(Required work)
Filter out all lines without the word "lineweight" from the data below, please, and copy the rest.

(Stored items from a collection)

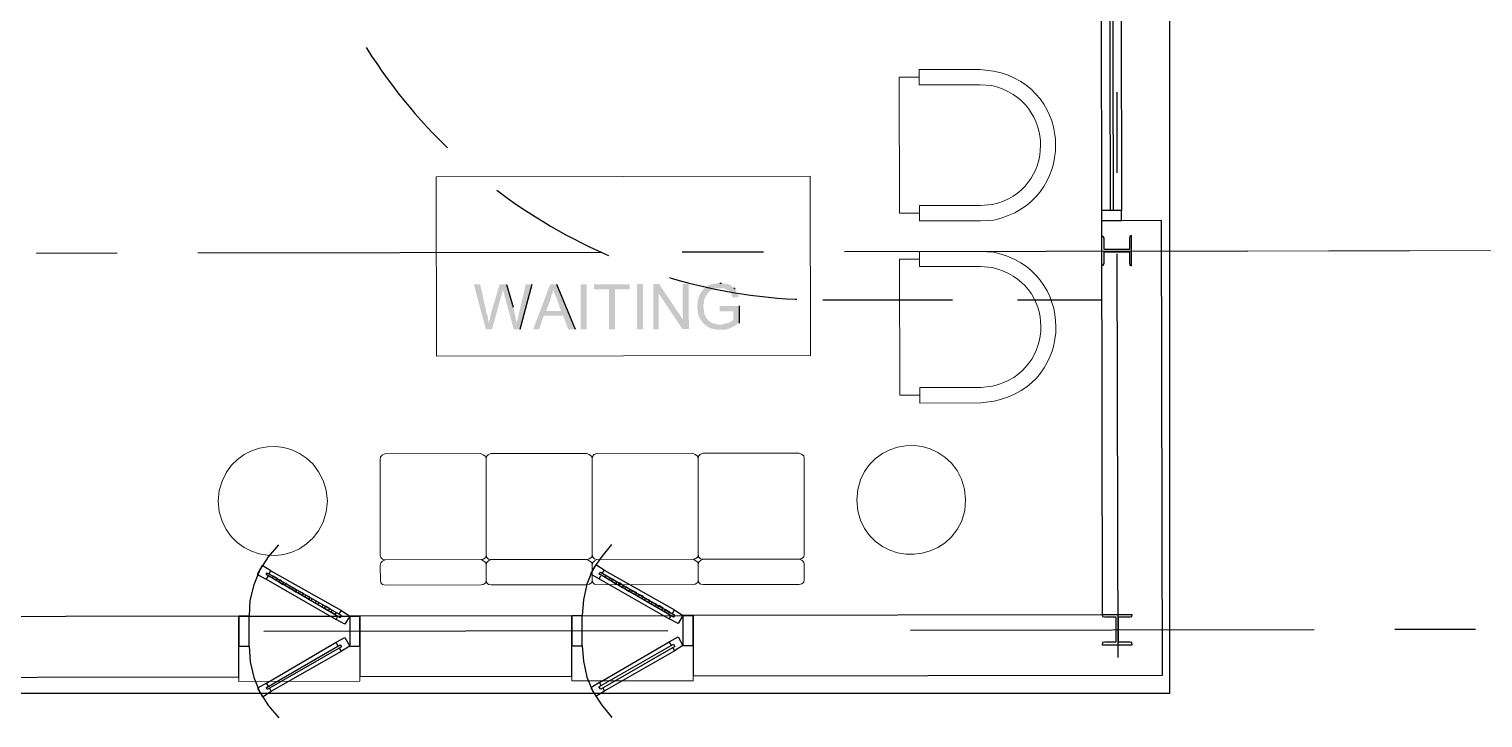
# Model space of a CAD drawing. Header units: inches. Extents: x 6322 to 85903, y -36042 to 7673.
# Drawn here: x 62361.7 to 62649.3, y 5492.8 to 5629 of the extents above; entities that cross this region are included whole.
import ezdxf

# ---------------------------------------------------------------- set-up
doc = ezdxf.new("R2010")
doc.units = ezdxf.units.IN
doc.header["$LTSCALE"] = 10
for name, pattern in [('Amconstr', [9999, 9999, 0]), ('DASHED', [0.75, 0.5, -0.25]), ('HIDDEN2', [0.1875, 0.125, -0.0625])]:
    doc.linetypes.add(name, pattern=pattern)
doc.layers.add('A-HIDDEN-1', color=2, linetype='HIDDEN2', lineweight=9)
doc.layers.add('Plot Boundary', color=1, linetype='Continuous')

# ---------------------------------------------------------------- blocks, each defined once
blk = doc.blocks.new('pdf plan')
at = {"true_color": 0x000007}
for points in [[(458.102, 359.314), (457.854, 359.314), (458.317, 357.578), (458.433, 357.826), (458.416, 357.859), (458.416, 357.941), (458.4, 357.974), (458.4, 358.041), (458.383, 358.09), (458.383, 358.123), (458.35, 358.173)], [(459.111, 359.314), (458.846, 359.314), (458.499, 358.14), (458.499, 358.107), (458.482, 358.057), (458.482, 358.024), (458.466, 357.958), (458.433, 357.892), (458.433, 357.826), (458.317, 357.578), (458.549, 357.578), (458.929, 358.917), (458.946, 358.95), (458.946, 359), (458.962, 359.066), (458.962, 359.099)], [(459.111, 359.314), (458.962, 359.099), (458.995, 359.083), (458.995, 359.033), (459.028, 358.917), (459.392, 357.578), (459.491, 357.826), (459.491, 357.826), (459.491, 357.847), (459.49, 357.868), (459.488, 357.89), (459.485, 357.912), (459.482, 357.935), (459.478, 357.958), (459.474, 357.981), (459.469, 358.004), (459.464, 358.028), (459.459, 358.052), (459.454, 358.076), (459.448, 358.101), (459.442, 358.125), (459.437, 358.149), (459.431, 358.174), (459.425, 358.198), (459.42, 358.222), (459.415, 358.247), (459.41, 358.271), (459.405, 358.295), (459.401, 358.318), (459.398, 358.342), (459.395, 358.365), (459.392, 358.388), (459.392, 358.388), (459.376, 358.438)], [(460.087, 359.314), (459.855, 359.314), (459.591, 358.189), (459.591, 358.189), (459.589, 358.177), (459.586, 358.163), (459.584, 358.149), (459.581, 358.135), (459.578, 358.12), (459.575, 358.105), (459.572, 358.089), (459.569, 358.073), (459.565, 358.057), (459.561, 358.041), (459.557, 358.024), (459.553, 358.008), (459.549, 357.991), (459.545, 357.975), (459.54, 357.958), (459.536, 357.942), (459.531, 357.926), (459.526, 357.91), (459.52, 357.895), (459.515, 357.88), (459.509, 357.866), (459.503, 357.852), (459.498, 357.838), (459.491, 357.826), (459.491, 357.826), (459.392, 357.578), (459.624, 357.578)], [(461.046, 359.314), (460.798, 359.314), (460.136, 357.578), (460.368, 357.578), (460.55, 358.107), (461.294, 358.107), (460.649, 358.289), (460.831, 358.801), (460.831, 358.851), (460.848, 358.917), (460.881, 358.95), (460.881, 359), (460.897, 359.033), (460.914, 359.083), (460.914, 359.149)], [(461.046, 359.314), (460.914, 359.149), (460.914, 359.149), (460.914, 359.14), (460.916, 359.129), (460.918, 359.117), (460.921, 359.103), (460.925, 359.089), (460.93, 359.073), (460.935, 359.057), (460.941, 359.04), (460.947, 359.022), (460.954, 359.004), (460.96, 358.985), (460.968, 358.967), (460.975, 358.948), (460.982, 358.93), (460.99, 358.912), (460.997, 358.894), (461.004, 358.877), (461.012, 358.86), (461.018, 358.845), (461.025, 358.83), (461.031, 358.817), (461.037, 358.805), (461.042, 358.794), (461.046, 358.785), (461.046, 358.785), (461.212, 358.289), (460.649, 358.289), (461.294, 358.107), (461.493, 357.578), (461.757, 357.578)], [(461.972, 357.578), (462.204, 357.578), (462.204, 359.314), (461.972, 359.314)], [(463.858, 359.314), (462.485, 359.314), (462.485, 359.116), (463.064, 359.116), (463.064, 357.578), (463.296, 357.578), (463.296, 359.116), (463.858, 359.116)], [(464.139, 357.578), (464.371, 357.578), (464.371, 359.314), (464.139, 359.314)], [(464.999, 359.314), (464.768, 359.314), (464.768, 357.578), (464.983, 357.578), (464.983, 358.95)], [(464.999, 359.314), (464.983, 358.95), (465.892, 357.578), (465.909, 357.958)], [(466.14, 359.314), (465.909, 359.314), (465.909, 357.958), (465.892, 357.578), (466.14, 357.578)], [(467.331, 359.347), (467.249, 359.347), (467.182, 359.331), (467.149, 359.331), (467.1, 359.314), (467.05, 359.314), (467.017, 359.298), (466.967, 359.298), (466.885, 359.248), (466.868, 359.232), (466.786, 359.182), (466.786, 359.182), (466.771, 359.169), (466.757, 359.157), (466.744, 359.144), (466.73, 359.131), (466.717, 359.118), (466.705, 359.104), (466.692, 359.09), (466.68, 359.077), (466.668, 359.062), (466.657, 359.048), (466.646, 359.033), (466.635, 359.019), (466.624, 359.003), (466.613, 358.988), (466.603, 358.972), (466.593, 358.956), (466.583, 358.94), (466.574, 358.924), (466.565, 358.907), (466.555, 358.89), (466.546, 358.872), (466.538, 358.855), (466.529, 358.836), (466.521, 358.818), (466.521, 358.818), (466.521, 358.785), (466.504, 358.719), (466.488, 358.669), (466.488, 358.586), (466.471, 358.537), (466.471, 358.338), (466.488, 358.289), (466.488, 358.189), (466.504, 358.14), (466.521, 358.107), (466.521, 358.057), (466.554, 358.024), (466.57, 357.974), (466.587, 357.958), (466.62, 357.908), (466.637, 357.875), (466.736, 357.759), (466.769, 357.743), (467.348, 357.743), (467.298, 357.743), (467.249, 357.759), (467.249, 357.759), (467.224, 357.762), (467.199, 357.766), (467.175, 357.77), (467.151, 357.776), (467.127, 357.782), (467.104, 357.79), (467.081, 357.798), (467.059, 357.807), (467.037, 357.817), (467.015, 357.828), (466.994, 357.84), (466.974, 357.852), (466.954, 357.866), (466.935, 357.88), (466.916, 357.895), (466.898, 357.91), (466.881, 357.926), (466.865, 357.943), (466.849, 357.961), (466.835, 357.979), (466.821, 357.998), (466.808, 358.017), (466.796, 358.037), (466.786, 358.057), (466.786, 358.057), (466.786, 358.09), (466.769, 358.107), (466.736, 358.14), (466.736, 358.189), (466.719, 358.256), (466.719, 358.338), (466.703, 358.405), (466.703, 358.438), (466.703, 358.438), (466.701, 358.459), (466.7, 358.477), (466.699, 358.492), (466.699, 358.504), (466.7, 358.514), (466.701, 358.523), (466.702, 358.529), (466.703, 358.534), (466.705, 358.538), (466.707, 358.542), (466.709, 358.545), (466.711, 358.547), (466.713, 358.55), (466.715, 358.553), (466.717, 358.557), (466.719, 358.561), (466.72, 358.567), (466.721, 358.575), (466.722, 358.584), (466.723, 358.596), (466.723, 358.61), (466.722, 358.626), (466.721, 358.646), (466.719, 358.669), (466.719, 358.669), (466.736, 358.719), (466.769, 358.768), (466.769, 358.801), (466.786, 358.801), (466.802, 358.868), (466.819, 358.884), (466.852, 358.934), (466.885, 358.967), (466.901, 359), (466.934, 359.033), (466.967, 359.066), (467.1, 359.116), (467.149, 359.116), (467.182, 359.149), (467.331, 359.149), (467.877, 359.165), (467.861, 359.182), (467.828, 359.198), (467.778, 359.248), (467.695, 359.298), (467.679, 359.298), (467.629, 359.314), (467.579, 359.314), (467.546, 359.331), (467.48, 359.331), (467.431, 359.347), (467.397, 359.347)], [(467.877, 359.165), (467.331, 359.149), (467.497, 359.149), (467.579, 359.099), (467.646, 359.083), (467.695, 359.066), (467.712, 359.016), (467.761, 358.967), (467.761, 358.95), (467.794, 358.917), (467.794, 358.868), (467.828, 358.818), (467.844, 358.785), (468.059, 358.818), (468.059, 358.868), (468.059, 358.868), (468.053, 358.876), (468.047, 358.884), (468.041, 358.893), (468.036, 358.902), (468.03, 358.911), (468.025, 358.92), (468.019, 358.929), (468.014, 358.938), (468.009, 358.947), (468.004, 358.957), (468, 358.966), (467.995, 358.975), (467.99, 358.984), (467.986, 358.994), (467.981, 359.003), (467.977, 359.012), (467.973, 359.021), (467.968, 359.03), (467.964, 359.039), (467.96, 359.048), (467.956, 359.057), (467.952, 359.066), (467.947, 359.074), (467.943, 359.083), (467.943, 359.083), (467.927, 359.116)], [(468.076, 358.471), (467.331, 358.471), (467.331, 358.256), (467.861, 358.256), (467.861, 357.941), (467.844, 357.941), (467.828, 357.908), (467.778, 357.875), (467.728, 357.859), (467.695, 357.826), (467.629, 357.809), (467.579, 357.793), (467.546, 357.793), (467.48, 357.759), (467.431, 357.759), (467.397, 357.743), (466.769, 357.743), (466.802, 357.71), (466.852, 357.677), (466.852, 357.677), (466.872, 357.665), (466.892, 357.653), (466.912, 357.643), (466.932, 357.633), (466.952, 357.623), (466.971, 357.614), (466.99, 357.606), (467.01, 357.599), (467.029, 357.592), (467.048, 357.586), (467.068, 357.58), (467.087, 357.575), (467.107, 357.571), (467.127, 357.567), (467.147, 357.564), (467.168, 357.562), (467.189, 357.56), (467.21, 357.558), (467.232, 357.557), (467.254, 357.557), (467.276, 357.557), (467.3, 357.558), (467.323, 357.559), (467.348, 357.561), (467.348, 357.561), (467.431, 357.561), (467.431, 357.561), (467.452, 357.558), (467.474, 357.556), (467.497, 357.556), (467.522, 357.557), (467.546, 357.56), (467.572, 357.564), (467.598, 357.569), (467.624, 357.576), (467.651, 357.583), (467.677, 357.591), (467.704, 357.601), (467.73, 357.611), (467.757, 357.621), (467.782, 357.633), (467.808, 357.644), (467.832, 357.657), (467.856, 357.669), (467.879, 357.682), (467.902, 357.695), (467.923, 357.708), (467.942, 357.721), (467.961, 357.734), (467.978, 357.747), (467.993, 357.759), (467.993, 357.759), (468.026, 357.793), (468.076, 357.809)]]:
    blk.add_hatch(color=7, dxfattribs=at).paths.add_polyline_path(points)
at = {"color": 7, "linetype": 'Continuous', "lineweight": 9, "true_color": 0x000007}
for p, q in [((477.9, 367.501), (477.388, 367.568)), ((477.834, 366.939), (477.388, 366.972)), ((477.388, 362.324), (477.834, 362.358)), ((477.388, 361.729), (477.9, 361.762)), ((477.9, 360.522), (477.388, 360.555)), ((477.834, 359.926), (477.388, 359.976)), ((477.388, 355.312), (477.834, 355.361)), ((477.388, 354.716), (477.9, 354.782))]:
    blk.add_line(p, q, dxfattribs=at)
at = {"color": 7, "linetype": 'Continuous', "lineweight": -2, "true_color": 0x000007}
for p, q in [((459.111, 359.314), (459.376, 358.438)), ((460.087, 359.314), (459.624, 357.578)), ((461.046, 359.314), (461.757, 357.578)), ((467.331, 359.347), (467.397, 359.347)), ((467.877, 359.165), (467.927, 359.116)), ((468.076, 358.471), (468.076, 357.809))]:
    blk.add_line(p, q, dxfattribs=at)
for points in [[(482.052, 385.48), (482.052, 362.126), (482.052, 362.126)], [(482.383, 385.48), (482.383, 362.126), (482.383, 362.126)], [(482.498, 385.48), (482.498, 362.126), (482.498, 362.126)], [(482.829, 385.48), (482.829, 362.126), (482.829, 362.126)], [(482.647, 366.674), (482.647, 363.565), (482.647, 363.565)], [(441, 360.555), (444.109, 360.555), (444.109, 360.555)], [(447.219, 360.555), (462.783, 360.555), (462.783, 360.555)], [(465.892, 360.555), (469.018, 360.555), (469.018, 360.555)], [(472.144, 360.555), (487.692, 360.555), (487.692, 360.555)], [(482.647, 360.455), (482.647, 344.891), (482.647, 344.891)], [(490.818, 360.555), (493.927, 360.555), (493.927, 360.555)], [(450.312, 349.291), (449.915, 348.828), (449.584, 348.332), (449.352, 347.753), (449.204, 347.157), (449.171, 346.545)], [(463.147, 349.291), (462.766, 348.828), (462.419, 348.332), (462.187, 347.753), (462.055, 347.157), (462.005, 346.545)], [(449.948, 348.183), (450.014, 348.299), (449.683, 348.497), (449.485, 348.15), (449.832, 347.968), (449.915, 348.084)], [(450.014, 348.299), (452.727, 346.76), (452.727, 346.76)], [(462.799, 348.183), (462.866, 348.299), (462.535, 348.497), (462.336, 348.15), (462.667, 347.968), (462.733, 348.084)], [(462.866, 348.299), (465.562, 346.76), (465.562, 346.76)], [(449.832, 347.968), (452.528, 346.413), (452.528, 346.413)], [(462.667, 347.968), (465.363, 346.413), (465.363, 346.413)], [(448.774, 346.545), (453.438, 346.545), (453.438, 346.545)], [(452.644, 346.628), (452.727, 346.76), (453.057, 346.545), (452.859, 346.231), (452.528, 346.413), (452.594, 346.545)], [(461.609, 346.545), (466.289, 346.545), (466.289, 346.545)], [(465.495, 346.628), (465.562, 346.76), (465.892, 346.545), (465.71, 346.231), (465.363, 346.413), (465.446, 346.545)], [(449.733, 345.967), (465.313, 345.967), (465.313, 345.967)], [(474.658, 345.967), (490.223, 345.967), (490.223, 345.967)], [(493.332, 345.967), (496.442, 345.967), (496.442, 345.967)], [(449.171, 345.388), (449.204, 344.792), (449.352, 344.18), (449.584, 343.618), (449.915, 343.089), (450.312, 342.625)], [(449.832, 343.965), (452.528, 345.536), (452.528, 345.536)], [(450.014, 343.651), (452.727, 345.189), (452.727, 345.189)], [(452.594, 345.404), (452.528, 345.536), (452.859, 345.718), (453.057, 345.388), (452.727, 345.189), (452.644, 345.321)], [(462.005, 345.388), (462.055, 344.792), (462.187, 344.18), (462.419, 343.618), (462.766, 343.089), (463.147, 342.625)], [(462.667, 343.965), (465.363, 345.536), (465.363, 345.536)], [(462.866, 343.651), (465.562, 345.189), (465.562, 345.189)], [(465.446, 345.404), (465.363, 345.536), (465.71, 345.718), (465.892, 345.388), (465.562, 345.189), (465.495, 345.321)], [(449.915, 343.849), (449.832, 343.965), (449.485, 343.767), (449.683, 343.436), (450.014, 343.651), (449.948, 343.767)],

(Result of the task)
doc.layers.add('A-HIDDEN-1', color=2, linetype='HIDDEN2', lineweight=9)
at = {"color": 7, "linetype": 'Continuous', "lineweight": 9, "true_color": 0x000007}
at = {"color": 7, "linetype": 'Continuous', "lineweight": -2, "true_color": 0x000007}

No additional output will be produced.